Nice man looks sick im not good enough to make my own lol. Im running Ascend acoustics and an ED sub sounds great but your setup is just DAMN....


----------



## 98RedGT (Jan 11, 2009)

That looks awesome -- I bet you have some neighbors who love you.

How do you like the Marantz SR4001?


----------



## Xander (Mar 20, 2007)

Thanks guys.

The funny things is, you can barely hear it outside. Certainly not enough to warrant any calls to the cops from neighbors.

While we were watching Iron Man I was outside on my cell phone and heard the soffit rattle a few times and you can obviously hear the movie a bit with the windows open, but the lows stay in the house for the most part. We live almost a mile from campus, so it's mostly older people living around us, they never said anything about it yet.

I like the Marantz a lot...it just has two quirks about it I've found out over the last year.
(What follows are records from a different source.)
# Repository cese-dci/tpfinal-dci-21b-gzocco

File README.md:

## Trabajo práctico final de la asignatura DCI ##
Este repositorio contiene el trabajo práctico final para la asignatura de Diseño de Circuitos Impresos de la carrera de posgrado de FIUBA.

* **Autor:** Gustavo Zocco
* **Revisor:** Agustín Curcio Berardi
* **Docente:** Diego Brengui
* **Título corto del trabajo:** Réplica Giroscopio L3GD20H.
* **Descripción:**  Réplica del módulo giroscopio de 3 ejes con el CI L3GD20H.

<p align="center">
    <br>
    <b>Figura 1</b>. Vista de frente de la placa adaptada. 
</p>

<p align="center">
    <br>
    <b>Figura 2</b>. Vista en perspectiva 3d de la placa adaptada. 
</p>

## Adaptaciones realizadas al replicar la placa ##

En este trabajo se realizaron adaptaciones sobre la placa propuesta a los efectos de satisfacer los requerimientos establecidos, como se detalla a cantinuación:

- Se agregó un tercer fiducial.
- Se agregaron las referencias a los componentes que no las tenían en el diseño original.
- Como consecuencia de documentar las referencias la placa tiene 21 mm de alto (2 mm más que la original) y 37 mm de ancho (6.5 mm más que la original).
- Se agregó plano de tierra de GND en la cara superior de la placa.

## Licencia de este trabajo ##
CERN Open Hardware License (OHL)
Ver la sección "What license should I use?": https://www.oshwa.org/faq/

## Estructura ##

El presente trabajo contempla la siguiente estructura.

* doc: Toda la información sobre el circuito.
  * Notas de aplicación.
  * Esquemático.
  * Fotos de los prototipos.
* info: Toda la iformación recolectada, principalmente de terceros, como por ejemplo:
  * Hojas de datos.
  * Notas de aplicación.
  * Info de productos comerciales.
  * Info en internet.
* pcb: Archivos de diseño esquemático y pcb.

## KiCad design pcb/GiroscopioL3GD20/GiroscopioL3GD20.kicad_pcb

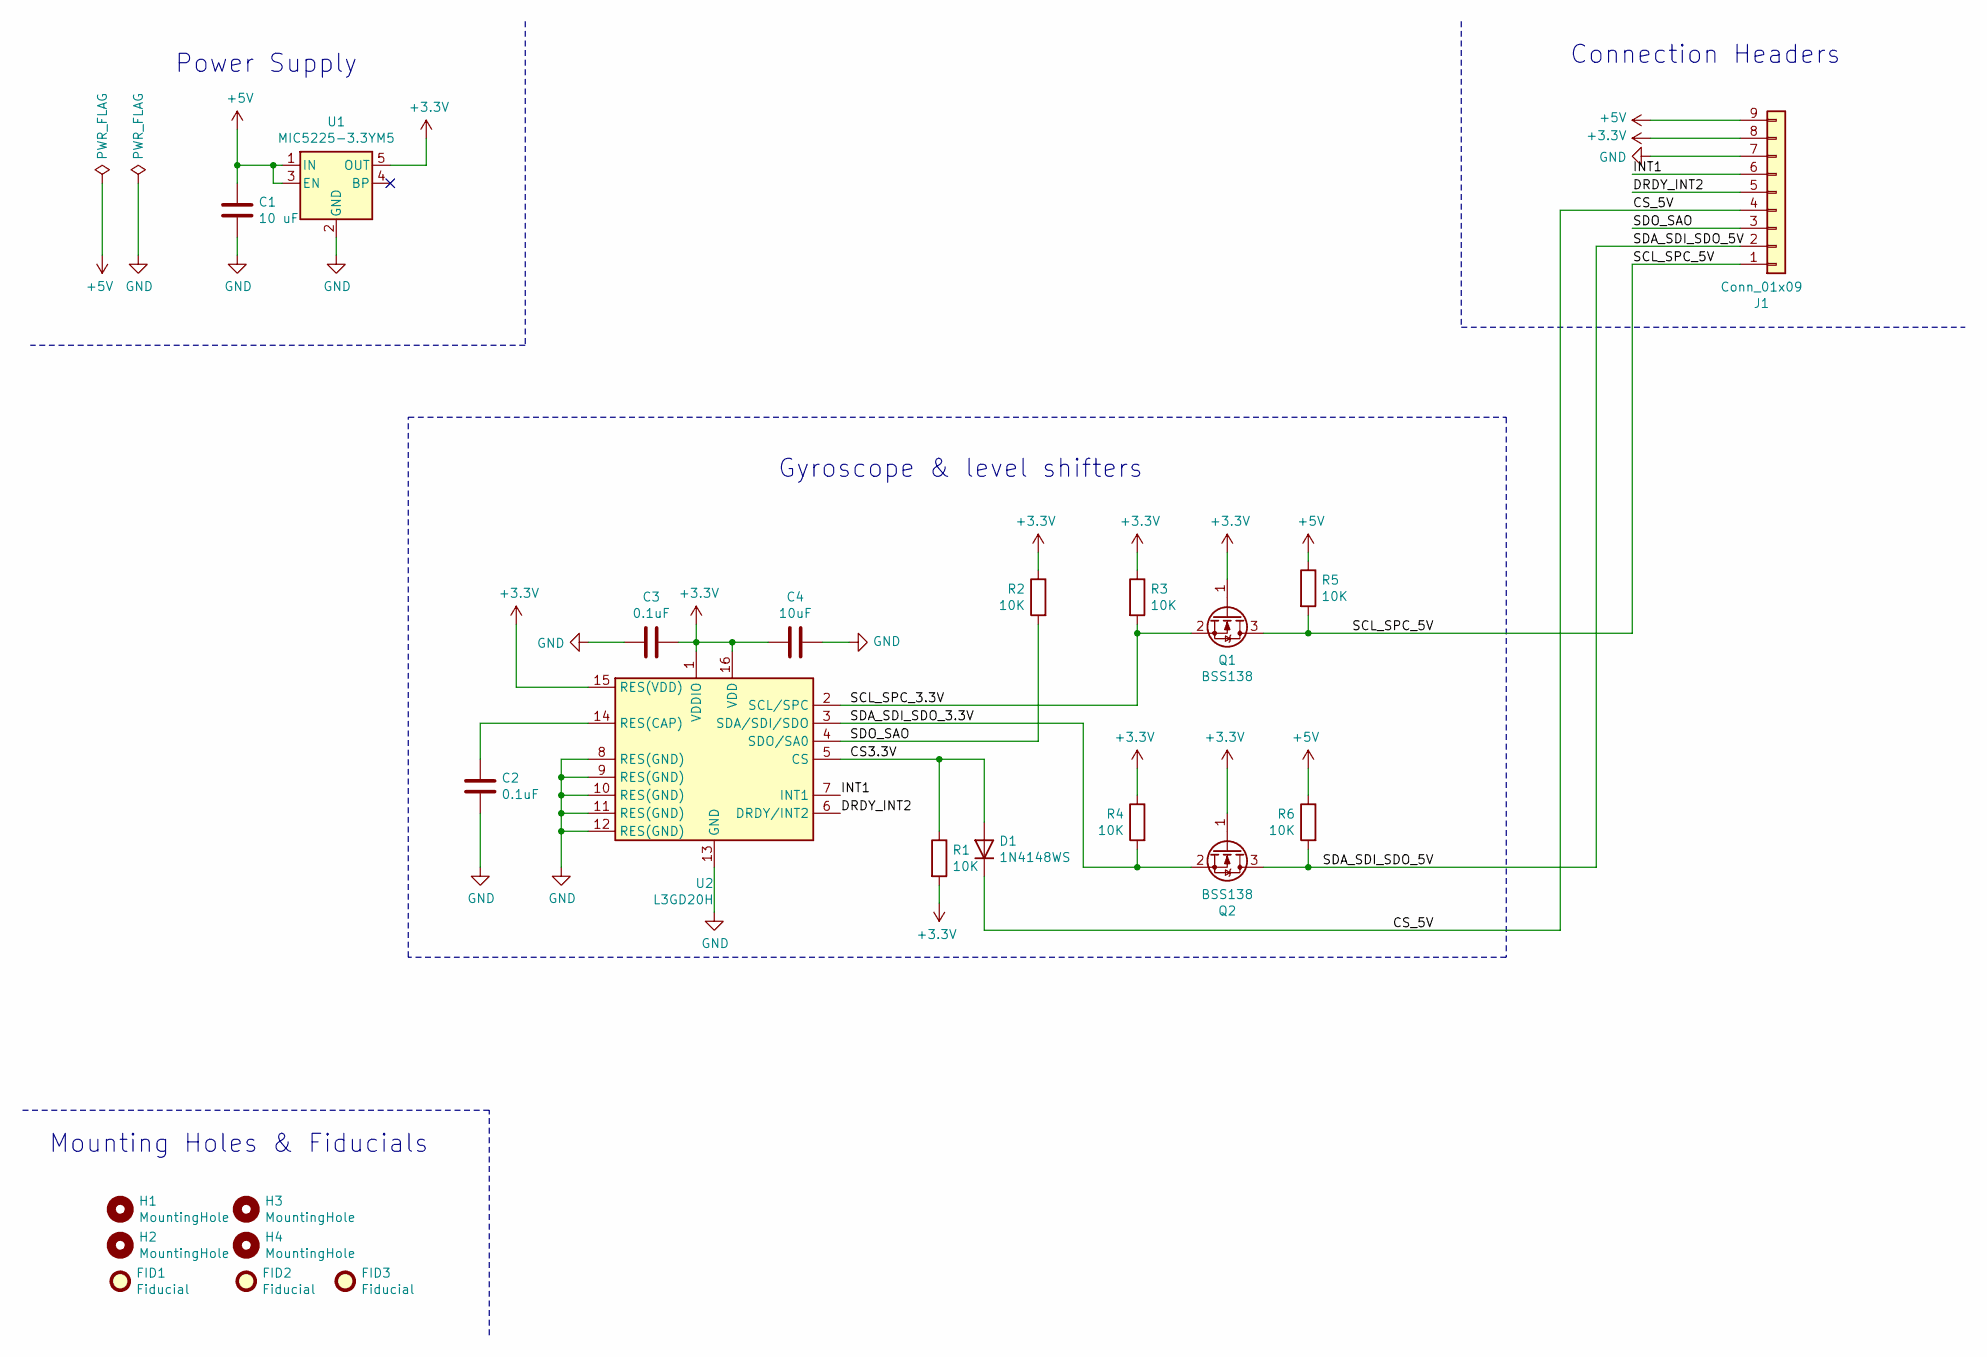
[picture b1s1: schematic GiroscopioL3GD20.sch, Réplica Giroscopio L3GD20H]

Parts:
C1: 10 uF; C_0805_2012Metric_Pad1.18x1.45mm_HandSolder
C2, C3: 0.1uF; C_0805_2012Metric_Pad1.18x1.45mm_HandSolder
C4: 10uF; C_0805_2012Metric_Pad1.18x1.45mm_HandSolder
D1: 1N4148WS; D_SOD-323
FID1, FID2, FID3: Fiducial; Fiducial_1mm_Mask2mm
H1, H2, H3, H4: MountingHole; MountingHole_2.5mm_Pad_TopBottom
J1: Conn_01x09; PinHeader_1x09_P2.54mm_Vertical
Q1: BSS138; SOT-23; Digi-Key PN BSS138-DIE-ND
Q2: BSS138; SOT-23; Digi-Key PN BSS138TR-ND
R1, R2, R3, R4, R5, R6: 10K; R_0805_2012Metric_Pad1.20x1.40mm_HandSolder
U1: MIC5225-3.3YM5; SOT-23-5; Digi-Key PN 576-2980-2-ND
U2: L3GD20H; LGA-16_3x3mm_P0.5mm; Digi-Key PN 497-13931-2-ND

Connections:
+3V3: C3.1, C4.2, J1.8, Q1.1 (G), Q2.1 (G), R1.2, R2.1, R3.1, R4.1, U1.5 (OUT), U2.1 (VDDIO), U2.15 (RES(VDD)), U2.16 (VDD)
+5V: C1.1, J1.9, R5.1, R6.1, U1.1 (IN), U1.3 (EN)
/CS3.3V: D1.2 (A), R1.1, U2.5 (CS)
/CS_5V: D1.1 (K), J1.4
/DRDY_INT2: J1.5, U2.6 (DRDY/INT2)
/INT1: J1.6, U2.7 (INT1)
/SCL_SPC_3.3V: Q1.2 (S), R3.2, U2.2 (SCL/SPC)
/SCL_SPC_5V: J1.1, Q1.3 (D), R5.2
/SDA_SDI_SDO_3.3V: Q2.2 (S), R4.2, U2.3 (SDA/SDI/SDO)
/SDA_SDI_SDO_5V: J1.2, Q2.3 (D), R6.2
/SDO_SAO: J1.3, R2.2, U2.4 (SDO/SA0)
GND: C1.2, C2.2, C3.2, C4.1, J1.7, U1.2 (GND), U2.8 (RES(GND)), U2.9 (RES(GND)), U2.10 (RES(GND)), U2.11 (RES(GND)), U2.12 (RES(GND)), U2.13 (GND)
unnamed: C2.1, U2.14 (RES(CAP))

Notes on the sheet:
Connection Headers
Mounting Holes & Fiducials
Gyroscope & level shifters
Power Supply

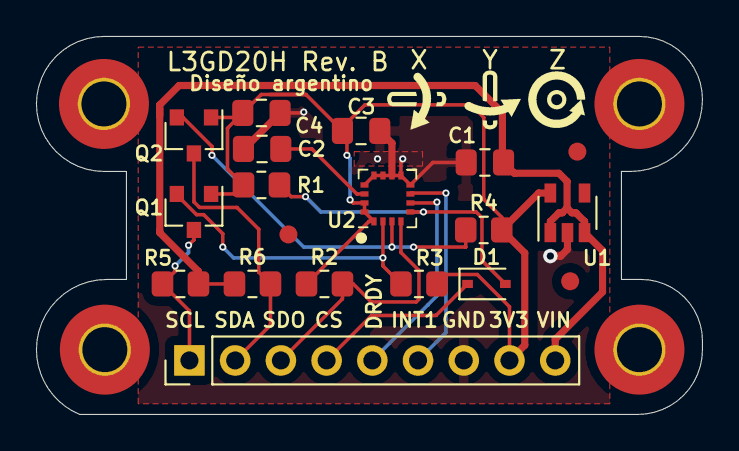
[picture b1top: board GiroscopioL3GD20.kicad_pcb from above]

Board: 2 copper layers, 37.0 x 21.0 mm, 24 parts (0 on the bottom side), 13 nets.

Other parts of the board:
U$3: SYMBOL_GYROXYZ_10MM

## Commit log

2021-07-01 Agrego: documentacion de componentes, nota de aplicacion y esquematico
2021-07-01 Se agrega esquematico en PDF
2021-07-01 Se realizan correcciones
2021-07-01 Se actualiza Esquematico.pdf conforme cambios realizados
2021-08-02 Se agrega Placement, borde de placa, notas de PCB, cotas y otros.
2021-08-02 Se agregó info a las notas del PCB
2021-08-12 Correcciones del esquematico y ruteo del PCB
2021-08-12 Actualización README
2021-08-16 Correcciones. Se agrega Fiducial. Se corrigen posiciones de serigrafias.
2021-08-16 Mejoras en rotulo y p tierra.
2021-08-16 Se agrega documentacion

1: If you have separate video and audio sources selected, and the video source drops for a second (like when a video game starts up) then it sometimes goes to complete video noise. I just have to reselect the sources and it works again.

2: It will not take 5.1 pcm through HDMI from a PS3 and convert it to 7.1. It will play the 5.1 just fine, but won't process it to 7.1 no matter what I do. Believe me, I tried for hours. But it will do it just fine with 5.1 bitstream from optical. So I settled for that. I'm not 100% sure I could hear the SQ difference anyway, and I would rather have the full 7.1 since sometimes we have 10 or more people watching a movie and without the rear speakers the sound field collapses forward quite a bit during action scenes.


----------



## chad (Jun 30, 2005)

LOL your ****ter! Nice job! I'm diggin it.


----------



## el_chupo_ (May 27, 2007)

Xander said:


> Thanks guys.
> 
> The funny things is, you can barely hear it outside. Certainly not enough to warrant any calls to the cops from neighbors.
> 
> ...


Good to know about the Marantz. Do they have any way to select what speakers would be on for 5.1, or could you switch outputs for rear and mid to make it work?



Looks sick, giving me ideas for my attic...


----------



## Xander (Mar 20, 2007)

el_chupo_ said:


> Good to know about the Marantz. Do they have any way to select what speakers would be on for 5.1, or could you switch outputs for rear and mid to make it work?


5.1 uses the surround speakers that are supposed to be between 90 and 110 degrees back from in front of listening position (if that makes sense). Some people think of these as side surrounds, when in fact they are not.

The rear surrounds are for 7.1 only. I don't know of any receiver that allows you to use them in a 5.1 setup...


----------



## chad (Jun 30, 2005)

FWIW this is EXACLTY what I'm thinking of doing between my shop and garage, then flipping the polarity on the garage speakers, 2 birds of bass, 1 stone. Do you think 4 of these would feed a 2 car garage well?


----------



## el_chupo_ (May 27, 2007)

chad said:


> FWIW this is EXACLTY what I'm thinking of doing between my shop and garage, then flipping the polarity on the garage speakers, 2 birds of bass, 1 stone. Do you think 4 of these would feed a 2 car garage well?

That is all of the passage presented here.